- **Your task**: Below is a block of entries; repeat exactly the lines starting at the line that contains "Telemetry Mux/1 -> sourceData/1" and ending at the line that contains "MPPT and Curtailment/1(Duty)", both included.

- **Items listed in a dataset**:
* * * * * * *

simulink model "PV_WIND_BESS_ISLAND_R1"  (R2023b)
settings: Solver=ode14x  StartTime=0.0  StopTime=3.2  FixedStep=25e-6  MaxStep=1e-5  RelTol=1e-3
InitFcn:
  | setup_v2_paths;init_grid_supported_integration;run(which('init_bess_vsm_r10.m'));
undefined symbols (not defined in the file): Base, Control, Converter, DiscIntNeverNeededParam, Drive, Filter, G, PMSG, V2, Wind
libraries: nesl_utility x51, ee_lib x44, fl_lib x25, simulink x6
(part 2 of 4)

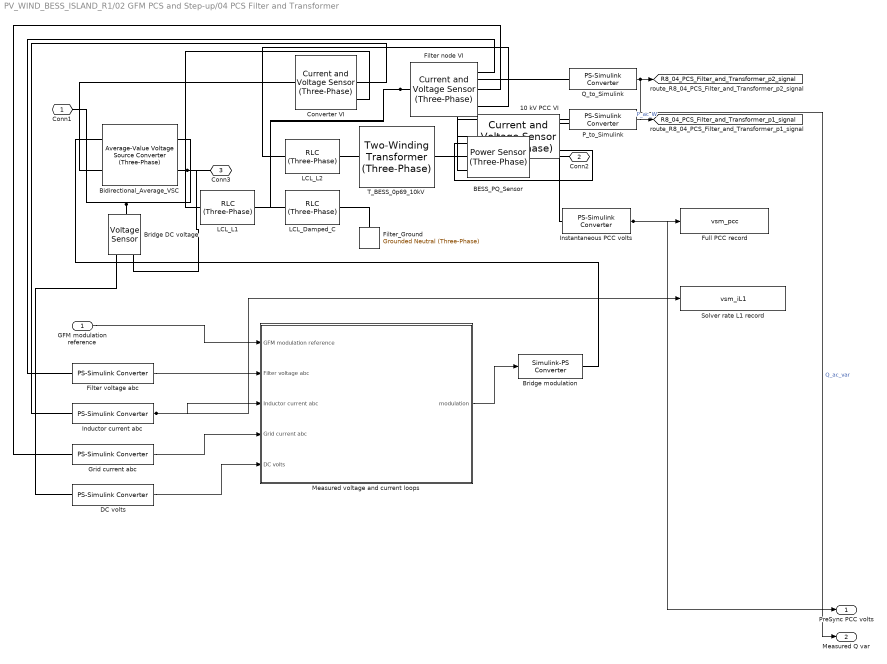
== system PV_WIND_BESS_ISLAND_R1/02 GFM PCS and Step-up/04 PCS Filter and Transformer ==
  GFM modulation reference : Inport
  10 kV PCC VI : ee_lib/Sensors & Transducers/Current and Voltage Sensor (Three-Phase)  port_option=ee.enum.threePhasePort.composite  vMeasurementType=ee.enum.vmeasurement.lg  outputUnit=ee.enum.unit.si  SRated=100e6 A*V  VRated=24e3 V  I_specify=off  I_priority=None  I=[0, 0, 0] A  I_nominal_specify=off  I_nominal_value=1  I_nominal_unit=A  V_specify=off  V_priority=None  V=[0, 0, 0] V  V_nominal_specify=off  V_nominal_value=1  V_nominal_unit=V
  BESS_PQ_Sensor : ee_lib/Sensors & Transducers/Power Sensor (Three-Phase)  port_option=ee.enum.threePhasePort.composite  load_type=ee.enum.passive.type_balanced.balanced  f0=60 Hz
  Bidirectional_Average_VSC : ee_lib/Semiconductors & Converters/Converters/Average-Value Voltage Source Converter (Three-Phase)  port_option=ee.enum.threePhasePort.composite  enable_block_pulses_input=false  krec=G.dc.Rbattery_ohm/10 Ohm  frequency_option=ee.enum.converters.frequency.variable  input_option=ee.enum.converters.inputOption.ModWave  FRated=G.f0_Hz Hz  losses_parameterization=ee.enum.converters.losses.fixed  Pfixed=1 W  ks=0.01  kc1=1.7 V  kc2=0.01 Ohm  Ploss_vect=[100, 800, 1870, 3250, 4900] W  Irms_vect=[10, 100, 200, 300, 400] A  Vdc_nom=300 V  thermal_mass=30000 J/K  temperature_specify=off  temperature_priority=High  temperature=298.15 K  temperature_nominal_specify=off  temperature_nominal_value=1  temperature_nominal_unit=K
  Bridge DC voltage : fl_lib/Electrical/Electrical Sensors/Voltage Sensor
  Bridge modulation : nesl_utility/Simulink-PS Converter  PhysicalDomain=network_engine_domain  SubClassName=ps_input  LeftPortType=input  RightPortType=output  PseudoPeriodic=off  Frequencies=[]  NoiseDistribution=none  NoiseParameters=[]  Unit=1  AffineConversion=off  FilteringAndDerivatives=zero  SimscapeFilterOrder=1  InputFilterTimeConstant=0.001  UdotUserProvided=0
  Converter VI : ee_lib/Sensors & Transducers/Current and Voltage Sensor (Three-Phase)  port_option=ee.enum.threePhasePort.composite  vMeasurementType=ee.enum.vmeasurement.lg  outputUnit=ee.enum.unit.si  SRated=100e6 A*V  VRated=24e3 V  I_specify=off  I_priority=None  I=[0, 0, 0] A  I_nominal_specify=off  I_nominal_value=1  I_nominal_unit=A  V_specify=off  V_priority=None  V=[0, 0, 0] V  V_nominal_specify=off  V_nominal_value=1  V_nominal_unit=V
  DC volts : nesl_utility/PS-Simulink Converter  PhysicalDomain=network_engine_domain  SubClassName=ps_output  LeftPortType=input  RightPortType=output  PseudoPeriodic=off  Frequencies=[]  VectorFormat=inherit  Unit=V  AffineConversion=off
  Filter node VI : ee_lib/Sensors & Transducers/Current and Voltage Sensor (Three-Phase)  port_option=ee.enum.threePhasePort.composite  vMeasurementType=ee.enum.vmeasurement.lg  outputUnit=ee.enum.unit.si  SRated=100e6 A*V  VRated=24e3 V  I_specify=off  I_priority=None  I=[0, 0, 0] A  I_nominal_specify=off  I_nominal_value=1  I_nominal_unit=A  V_specify=off  V_priority=None  V=[0, 0, 0] V  V_nominal_specify=off  V_nominal_value=1  V_nominal_unit=V
  Filter voltage abc : nesl_utility/PS-Simulink Converter  PhysicalDomain=network_engine_domain  SubClassName=ps_output  LeftPortType=input  RightPortType=output  PseudoPeriodic=off  Frequencies=[]  VectorFormat=inherit  Unit=V  AffineConversion=off
  Filter_Ground : ee_lib/Connectors & References/Grounded Neutral (Three-Phase)  port_option=ee.enum.threePhasePort.composite
  Full PCC record : ToWorkspace  VariableName=vsm_pcc  SaveFormat=Timeseries  SampleTime=-1
  Grid current abc : nesl_utility/PS-Simulink Converter  PhysicalDomain=network_engine_domain  SubClassName=ps_output  LeftPortType=input  RightPortType=output  PseudoPeriodic=off  Frequencies=[]  VectorFormat=inherit  Unit=A  AffineConversion=off
  Inductor current abc : nesl_utility/PS-Simulink Converter  PhysicalDomain=network_engine_domain  SubClassName=ps_output  LeftPortType=input  RightPortType=output  PseudoPeriodic=off  Frequencies=[]  VectorFormat=inherit  Unit=A  AffineConversion=off
  Instantaneous PCC volts : nesl_utility/PS-Simulink Converter  PhysicalDomain=network_engine_domain  SubClassName=ps_output  LeftPortType=input  RightPortType=output  PseudoPeriodic=off  Frequencies=[]  VectorFormat=inherit  Unit=V  AffineConversion=off
  LCL_Damped_C : ee_lib/Passive/RLC Assemblies/RLC (Three-Phase)  port_option=ee.enum.threePhasePort.composite  component_structure=ee.enum.rlc.structure.SeriesRC  R=G.filter.Rd_ohm Ohm  L=1e-3 H  C=G.filter.C_F F  R_parasitic=0 Ohm  G_parasitic=0 1/Ohm  IL_specify=off  IL_priority=High  IL=[0, 0, 0] A  IL_nominal_specify=off  IL_nominal_value=1  IL_nominal_unit=A  VC_specify=off  VC_priority=High  VC=[0, 0, 0] V  VC_nominal_specify=off  VC_nominal_value=1  VC_nominal_unit=V
  LCL_L1 : ee_lib/Passive/RLC Assemblies/RLC (Three-Phase)  port_option=ee.enum.threePhasePort.composite  component_structure=ee.enum.rlc.structure.SeriesRL  R=G.filter.R1_ohm Ohm  L=G.filter.L1_H H  C=1e-6 F  R_parasitic=0 Ohm  G_parasitic=0 1/Ohm  IL_specify=off  IL_priority=High  IL=[0, 0, 0] A  IL_nominal_specify=off  IL_nominal_value=1  IL_nominal_unit=A  VC_specify=off  VC_priority=High  VC=[0, 0, 0] V  VC_nominal_specify=off  VC_nominal_value=1  VC_nominal_unit=V
  LCL_L2 : ee_lib/Passive/RLC Assemblies/RLC (Three-Phase)  port_option=ee.enum.threePhasePort.composite  component_structure=ee.enum.rlc.structure.SeriesRL  R=G.filter.R2_ohm Ohm  L=G.filter.L2_H H  C=1e-6 F  R_parasitic=0 Ohm  G_parasitic=0 1/Ohm  IL_specify=off  IL_priority=High  IL=[0, 0, 0] A  IL_nominal_specify=off  IL_nominal_value=1  IL_nominal_unit=A  VC_specify=off  VC_priority=High  VC=[0, 0, 0] V  VC_nominal_specify=off  VC_nominal_value=1  VC_nominal_unit=V
  Measured voltage and current loops : Subsystem
  P_to_Simulink : nesl_utility/PS-Simulink Converter  PhysicalDomain=network_engine_domain  SubClassName=ps_output  LeftPortType=input  RightPortType=output  PseudoPeriodic=off  Frequencies=[]  VectorFormat=inherit  Unit=W  AffineConversion=off
  Q_to_Simulink : nesl_utility/PS-Simulink Converter  PhysicalDomain=network_engine_domain  SubClassName=ps_output  LeftPortType=input  RightPortType=output  PseudoPeriodic=off  Frequencies=[]  VectorFormat=inherit  Unit=W  AffineConversion=off
  Solver rate L1 record : ToWorkspace  VariableName=vsm_iL1  SaveFormat=Timeseries  SampleTime=-1
  T_BESS_0p69_10kV : ee_lib/Passive/Transformers/Two-Winding Transformer (Three-Phase)  SRated=G.transformer.S_VA A*V  FRated=G.f0_Hz Hz  Winding1Connection=ee.enum.windingconnection.delta1  VRated1=G.ac.Vll_low_V V  Winding2Connection=ee.enum.windingconnection.Yg  VRated2=G.ac.Vll_high_V V  CoreType=ee.enum.coretype.threelimb  pu_Rw1=G.transformer.pu_Rw1  pu_Rw2=G.transformer.pu_Rw2  leakage_reactance_option=ee.enum.transformer_leakage.include  pu_Xl1=G.transformer.pu_Xl1  pu_Xl2=G.transformer.pu_Xl2  magnetizing_resistance_option=ee.enum.transformer_magnetizingResistance.exclude  pu_Rm=500  magnetizing_reactance_option=ee.enum.transformer_magnetizingReactance.exclude  saturation_option=ee.enum.transformer_saturation.exclude  pu_Xm=500  current_data=[0, .002, 1, 2]  magnetic_flux_data=[0, 1.2, 1.5, 1.51]  pu_X0=0.5  i1_specify=off  i1_priority=None  i1=[0, 0, 0] A  i1_nominal_specify=off  i1_nominal_value=1  i1_nominal_unit=A  i2_specify=off  i2_priority=None  i2=[0, 0, 0] A  i2_nominal_specify=off  i2_nominal_value=1  i2_nominal_unit=A  phi_specify=off  phi_priority=None  phi=[0, 0, 0]  phi_nominal_specify=off  phi_nominal_value=1  phi_nominal_unit=1
  Conn1 : PMIOPort  Side=Right  ConnectionType=Connection: foundation.electrical.electrical
  Conn2 : PMIOPort  Port=2  Side=Right  ConnectionType=Connection: foundation.electrical.three_phase
  Conn3 : PMIOPort  Port=3  Side=Right  ConnectionType=Connection: foundation.electrical.electrical
  PreSync PCC volts : Outport
  Measured Q var : Outport  Port=2
  tag scope: R8_04_PCS_Filter_and_Transformer_p1_signal=global, R8_04_PCS_Filter_and_Transformer_p2_signal=global
  wires:
  P_to_Simulink/1 -> [R8_04_PCS_Filter_and_Transformer_p1_signal]  "P_ac_W"
  Q_to_Simulink/1 -> [R8_04_PCS_Filter_and_Transformer_p2_signal], Measured Q var/1  "Q_ac_var"
  GFM modulation reference/1 -> Measured voltage and current loops/1(GFM modulation reference)
  Filter voltage abc/1 -> Measured voltage and current loops/2(Filter voltage abc)
  Inductor current abc/1 -> Measured voltage and current loops/3(Inductor current abc), Solver rate L1 record/1
  Grid current abc/1 -> Measured voltage and current loops/4(Grid current abc)
  DC volts/1 -> Measured voltage and current loops/5(DC volts)
  Measured voltage and current loops/1(modulation) -> Bridge modulation/1
  Instantaneous PCC volts/1 -> Full PCC record/1, PreSync PCC volts/1
  connections:
  BESS_PQ_Sensor/RConn1 -- Conn2/RConn1
  BESS_PQ_Sensor/LConn3 -- Q_to_Simulink/LConn1
  LCL_Damped_C/RConn1 -- Filter_Ground/LConn1
  LCL_L2/RConn1 -- T_BESS_0p69_10kV/LConn1
  Conn3/RConn1 -- Bidirectional_Average_VSC/RConn2 -- Bridge DC voltage/RConn2
  BESS_PQ_Sensor/LConn2 -- P_to_Simulink/LConn1
  Bidirectional_Average_VSC/RConn1 -- Conn1/RConn1 -- Bridge DC voltage/LConn1
  Bidirectional_Average_VSC/LConn2 -- Converter VI/LConn1
  Converter VI/RConn3 -- LCL_L1/LConn1
  LCL_Damped_C/LConn1 -- LCL_L1/RConn1 -- Filter node VI/LConn1
  Filter node VI/RConn3 -- LCL_L2/LConn1
  Filter node VI/RConn1 -- Filter voltage abc/LConn1
  Converter VI/RConn2 -- Inductor current abc/LConn1
  Filter node VI/RConn2 -- Grid current abc/LConn1
  Bridge DC voltage/RConn1 -- DC volts/LConn1
  Bridge modulation/RConn1 -- Bidirectional_Average_VSC/LConn1
  T_BESS_0p69_10kV/RConn1 -- 10 kV PCC VI/LConn1
  10 kV PCC VI/RConn3 -- BESS_PQ_Sensor/LConn1
  10 kV PCC VI/RConn1 -- Instantaneous PCC volts/LConn1

== system PV_WIND_BESS_ISLAND_R1/PV Resource/01 PV Array ==
  Array VI : Mux  Inputs=2
  Current SI : nesl_utility/PS-Simulink Converter  PhysicalDomain=network_engine_domain  SubClassName=ps_output  LeftPortType=input  RightPortType=output  PseudoPeriodic=off  Frequencies=[]  VectorFormat=inherit  Unit=A  AffineConversion=off
  Irradiance : Constant  Value=V2.PV.dynamic.irradiance_Wpm2
  Irradiance PS : nesl_utility/Simulink-PS Converter  PhysicalDomain=network_engine_domain  SubClassName=ps_input  LeftPortType=input  RightPortType=output  PseudoPeriodic=off  Frequencies=[]  NoiseDistribution=none  NoiseParameters=[]  Unit=W/m^2  AffineConversion=off  FilteringAndDerivatives=zero  SimscapeFilterOrder=1  InputFilterTimeConstant=0.001  UdotUserProvided=0
  PV Array : ee_lib/Sources/Solar Cell  prm=1  Isc=V2.PV.dynamic.Isc_cell_A A  Voc=V2.PV.dynamic.Voc_cell_V V  Is=1e-6 A  Is2=0 A  Iph=7.34 A  Ir0=1000 W/m^2  ec=1.5  N2=2  Rs=0 Ohm  Rp=inf Ohm  N_series=V2.PV.dynamic.Nseries  N_parallel=V2.PV.dynamic.Nparallel  TIPH1=0 1/K  EG=1.11 eV  TXIS1=3  TXIS2=3  TRS1=0  TRP1=0  Tmeas=25 degC  TFIXED=V2.PV.dynamic.temperature_degC degC  thermal_mass=100 J/K  initial_temperature=25 degC
  PV Current : fl_lib/Electrical/Electrical Sensors/Current Sensor
  PV Input Capacitor : fl_lib/Electrical/Electrical Elements/Capacitor  c=V2.PV.dynamic.Cpv_F F  r=1e-6 Ohm  g=0 1/Ohm  i_specify=off  i_priority=None  i=0 A  i_nominal_specify=off  i_nominal_value=1  i_nominal_unit=A  v_specify=off  v_priority=None  v=0 V  v_nominal_specify=off  v_nominal_value=1  v_nominal_unit=V  vc_specify=on  vc_priority=High  vc=V2.PV.dynamic.Vmp_initial_V V  vc_nominal_specify=off  vc_nominal_value=1  vc_nominal_unit=V
  PV Voltage : fl_lib/Electrical/Electrical Sensors/Voltage Sensor
  Voltage SI : nesl_utility/PS-Simulink Converter  PhysicalDomain=network_engine_domain  SubClassName=ps_output  LeftPortType=input  RightPortType=output  PseudoPeriodic=off  Frequencies=[]  VectorFormat=inherit  Unit=V  AffineConversion=off
  arrayPlus : PMIOPort  Side=Right  ConnectionType=Connection: foundation.electrical.electrical
  arrayMinus : PMIOPort  Port=2  Side=Right  ConnectionType=Connection: foundation.electrical.electrical
  arrayVI : Outport
  wires:
  Array VI/1 -> arrayVI/1
  Current SI/1 -> Array VI/2
  Voltage SI/1 -> Array VI/1
  Irradiance/1 -> Irradiance PS/1
  connections:
  PV Current/RConn1 -- Current SI/LConn1
  PV Voltage/RConn1 -- Voltage SI/LConn1
  arrayMinus/RConn1 -- PV Input Capacitor/RConn1 -- PV Array/RConn1 -- PV Voltage/RConn2
  arrayPlus/RConn1 -- PV Voltage/LConn1 -- PV Current/RConn2 -- PV Input Capacitor/LConn1
  PV Array/LConn2 -- PV Current/LConn1
  Irradiance PS/RConn1 -- PV Array/LConn1

== system PV_WIND_BESS_ISLAND_R1/PV Resource/02 MPPT Boost and DC Link ==
  dispatch : Inport
  arrayVI : Inport  Port=2
  Array measurements : Demux  Outputs=2
  Average Boost : ee_lib/Semiconductors & Converters/Converters/Boost Converter  port_option=ee.enum.controlport.ps  device_type=ee.enum.converters.switchingdevice.averaged  Vf=0.8 V  Ron=0.001 Ohm  Rds=0.001 Ohm  Goff=1e-5 1/Ohm  Vgt=1 V  Vgt_off=-1 V  Ih=1 A  Vth=6 V  K=0  diode_param=ee.enum.converters.protectiondiode.nodynamics  diode_Vf=0.8 V  diode_Ron=0.001 Ohm  diode_Goff=1e-5 1/Ohm  diode_C=50 nF  diode_iRM=-235 A  diode_iF=300 A  diode_idot=-50 A/us  diode_trr_param=ee.enum.converters.diodetrr.trr_factor  diode_trr_factor=3  diode_trr=15 us  diode_Qrr=1500 s*uA  Lf=V2.PV.dynamic.Lboost_H H  Rl=V2.PV.dynamic.Rboost_ohm Ohm  Cf=1e-6 F  Rf=0.001 Ohm  snubber_type=ee.enum.converters.snubber.exclude  Cs=1e-7 F  Rs=0.1 Ohm  iL_specify=off  iL_priority=High  iL=0 A  iL_nominal_specify=off  iL_nominal_value=1  iL_nominal_unit=A  vc_specify=on  vc_priority=High  vc=V2.PV.dynamic.Vdc_ref_V V  vc_nominal_specify=off  vc_nominal_value=1  vc_nominal_unit=V
  Boost Current Record : ToWorkspace  VariableName=pv_boost_current  SaveFormat=Timeseries  SampleTime=-1
  Boost Current SI : nesl_utility/PS-Simulink Converter  PhysicalDomain=network_engine_domain  SubClassName=ps_output  LeftPortType=input  RightPortType=output  PseudoPeriodic=off  Frequencies=[]  VectorFormat=inherit  Unit=A  AffineConversion=off
  Boost Output Current : fl_lib/Electrical/Electrical Sensors/Current Sensor
  DC Ground : fl_lib/Electrical/Electrical Elements/Electrical Reference
  DC Link Capacitor : fl_lib/Electrical/Electrical Elements/Capacitor  c=V2.PV.dynamic.Cdc_F F  r=1e-6 Ohm  g=0 1/Ohm  i_specify=off  i_priority=None  i=0 A  i_nominal_specify=off  i_nominal_value=1  i_nominal_unit=A  v_specify=off  v_priority=None  v=0 V  v_nominal_specify=off  v_nominal_value=1  v_nominal_unit=V  vc_specify=on  vc_priority=High  vc=V2.PV.dynamic.Vdc_ref_V V  vc_nominal_specify=off  vc_nominal_value=1  vc_nominal_unit=V
  DC Link Voltage : fl_lib/Electrical/Electrical Sensors/Voltage Sensor
  DC Link Voltage SI : nesl_utility/PS-Simulink Converter  PhysicalDomain=network_engine_domain  SubClassName=ps_output  LeftPortType=input  RightPortType=output  PseudoPeriodic=off  Frequencies=[]  VectorFormat=inherit  Unit=V  AffineConversion=off
  Duty PS : nesl_utility/Simulink-PS Converter  PhysicalDomain=network_engine_domain  SubClassName=ps_input  LeftPortType=input  RightPortType=output  PseudoPeriodic=off  Frequencies=[]  NoiseDistribution=none  NoiseParameters=[]  Unit=1  AffineConversion=off  FilteringAndDerivatives=zero  SimscapeFilterOrder=1  InputFilterTimeConstant=0.001  UdotUserProvided=0
  Duty Sample Delay : UnitDelay  SampleTime=100e-6
  MPPT and Curtailment : Subsystem
  Telemetry Mux : Mux  Inputs=6
  arrayPlus : PMIOPort  Side=Left  ConnectionType=Connection: foundation.electrical.electrical
  arrayMinus : PMIOPort  Port=2  Side=Left  ConnectionType=Connection: foundation.electrical.electrical
  linkPlus : PMIOPort  Port=3  Side=Right  ConnectionType=Connection: foundation.electrical.electrical
  linkMinus : PMIOPort  Port=4  Side=Right  ConnectionType=Connection: foundation.electrical.electrical
  sourceData : Outport
  wires:
  Telemetry Mux/1 -> sourceData/1
  MPPT and Curtailment/3(Vpv_target) -> Telemetry Mux/6
  MPPT and Curtailment/2(Vmp) -> Telemetry Mux/5
  Duty Sample Delay/1 -> Duty PS/1
  MPPT and Curtailment/1(Duty) -> Telemetry Mux/4, Duty Sample Delay/1
  dispatch/1 -> MPPT and Curtailment/4(Command)
  DC Link Voltage SI/1 -> Telemetry Mux/3, MPPT and Curtailment/3(Vdc)
  Array measurements/2 -> Telemetry Mux/2, MPPT and Curtailment/2(Ipv)
  Array measurements/1 -> Telemetry Mux/1, MPPT and Curtailment/1(Vpv)
  arrayVI/1 -> Array measurements/1
  Boost Current SI/1 -> Boost Current Record/1
  connections:
  Duty PS/RConn1 -- Average Boost/LConn1
  DC Link Voltage/RConn1 -- DC Link Voltage SI/LConn1
  Boost Output Current/RConn1 -- Boost Current SI/LConn1
  linkMinus/RConn1 -- DC Link Capacitor/RConn1 -- DC Link Voltage/RConn2 -- DC Ground/LConn1 -- Average Boost/RConn2
  linkPlus/RConn1 -- DC Link Capacitor/LConn1 -- DC Link Voltage/LConn1 -- Boost Output Current/RConn2
  Average Boost/RConn1 -- Boost Output Current/LConn1
  arrayMinus/RConn1 -- Average Boost/LConn3
  arrayPlus/RConn1 -- Average Boost/LConn2

== system PV_WIND_BESS_ISLAND_R1/PV Resource/03 Average Grid Converter ==
  modulationABC : Inport
  Average VSC : ee_lib/Semiconductors & Converters/Converters/Average-Value Voltage Source Converter (Three-Phase)  port_option=ee.enum.threePhasePort.composite  enable_block_pulses_input=false  krec=0.01 Ohm  frequency_option=ee.enum.converters.frequency.variable  input_option=ee.enum.converters.inputOption.ModWave  FRated=V2.PV.rating.f_Hz Hz  losses_parameterization=ee.enum.converters.losses.fixed  Pfixed=1 W  ks=0.01  kc1=1.7 V  kc2=0.01 Ohm  Ploss_vect=[100, 800, 1870, 3250, 4900] W  Irms_vect=[10, 100, 200, 300, 400] A  Vdc_nom=V2.PV.dynamic.Vdc_ref_V V  thermal_mass=30000 J/K  temperature_specify=off  temperature_priority=High  temperature=298.15 K  temperature_nominal_specify=off  temperature_nominal_value=1  temperature_nominal_unit=K
  Converter VI : ee_lib/Sensors & Transducers/Current and Voltage Sensor (Three-Phase)  port_option=ee.enum.threePhasePort.composite  vMeasurementType=ee.enum.vmeasurement.lg  outputUnit=ee.enum.unit.si  SRated=100e6 A*V  VRated=24e3 V  I_specify=off  I_priority=None  I=[0, 0, 0] A  I_nominal_specify=off  I_nominal_value=1  I_nominal_unit=A  V_specify=off  V_priority=None  V=[0, 0, 0] V  V_nominal_specify=off  V_nominal_value=1  V_nominal_unit=V
  Converter Voltage Record : ToWorkspace  VariableName=pv_converter_vabc  SaveFormat=Timeseries  SampleTime=-1
  DC Current Record : ToWorkspace  VariableName=pv_vsc_dc_current  SaveFormat=Timeseries  SampleTime=-1
  DC Current SI : nesl_utility/PS-Simulink Converter  PhysicalDomain=network_engine_domain  SubClassName=ps_output  LeftPortType=input  RightPortType=output  PseudoPeriodic=off  Frequencies=[]  VectorFormat=inherit  Unit=A  AffineConversion=off
  Modulation PS : nesl_utility/Simulink-PS Converter  PhysicalDomain=network_engine_domain  SubClassName=ps_input  LeftPortType=input  RightPortType=output  PseudoPeriodic=off  Frequencies=[]  NoiseDistribution=none  NoiseParameters=[]  Unit=1  AffineConversion=off  FilteringAndDerivatives=zero  SimscapeFilterOrder=1  InputFilterTimeConstant=0.001  UdotUserProvided=0
  Modulation Sample Delay : UnitDelay  InitialCondition=[0;-0.39;0.39]  SampleTime=100e-6
  VSC DC Current : fl_lib/Electrical/Electrical Sensors/Current Sensor
  iabc SI : nesl_utility/PS-Simulink Converter  PhysicalDomain=network_engine_domain  SubClassName=ps_output  LeftPortType=input  RightPortType=output  PseudoPeriodic=off  Frequencies=[]  VectorFormat=inherit  Unit=A  AffineConversion=off
  vabc SI : nesl_utility/PS-Simulink Converter  PhysicalDomain=network_engine_domain  SubClassName=ps_output  LeftPortType=input  RightPortType=output  PseudoPeriodic=off  Frequencies=[]  VectorFormat=inherit  Unit=V  AffineConversion=off
  DC_Positive : PMIOPort  Side=Left  ConnectionType=Connection: foundation.electrical.electrical
  DC_Negative : PMIOPort  Port=2  Side=Left  ConnectionType=Connection: foundation.electrical.electrical
  AC_690V : PMIOPort  Port=3  Side=Right  ConnectionType=Connection: foundation.electrical.three_phase
  converterCurrentABC : Outport
  wires:
  iabc SI/1 -> converterCurrentABC/1
  Modulation Sample Delay/1 -> Modulation PS/1
  modulationABC/1 -> Modulation Sample Delay/1
  vabc SI/1 -> Converter Voltage Record/1
  DC Current SI/1 -> DC Current Record/1
  connections:
  Modulation PS/RConn1 -- Average VSC/LConn1
  Converter VI/RConn2 -- iabc SI/LConn1
  Converter VI/RConn1 -- vabc SI/LConn1
  Converter VI/RConn3 -- AC_690V/RConn1
  Average VSC/LConn2 -- Converter VI/LConn1
  DC_Negative/RConn1 -- Average VSC/RConn2
  VSC DC Current/RConn2 -- Average VSC/RConn1
  DC_Positive/RConn1 -- VSC DC Current/LConn1
  VSC DC Current/RConn1 -- DC Current SI/LConn1

== system PV_WIND_BESS_ISLAND_R1/PV Resource/04 Local GFL Control ==
  PCCMeasurementBus : Inport
  converterCurrentABC : Inport  Port=2
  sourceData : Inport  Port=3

* * * * * * *

- **Completed exercise**:
  Telemetry Mux/1 -> sourceData/1
  MPPT and Curtailment/3(Vpv_target) -> Telemetry Mux/6
  MPPT and Curtailment/2(Vmp) -> Telemetry Mux/5
  Duty Sample Delay/1 -> Duty PS/1
  MPPT and Curtailment/1(Duty) -> Telemetry Mux/4, Duty Sample Delay/1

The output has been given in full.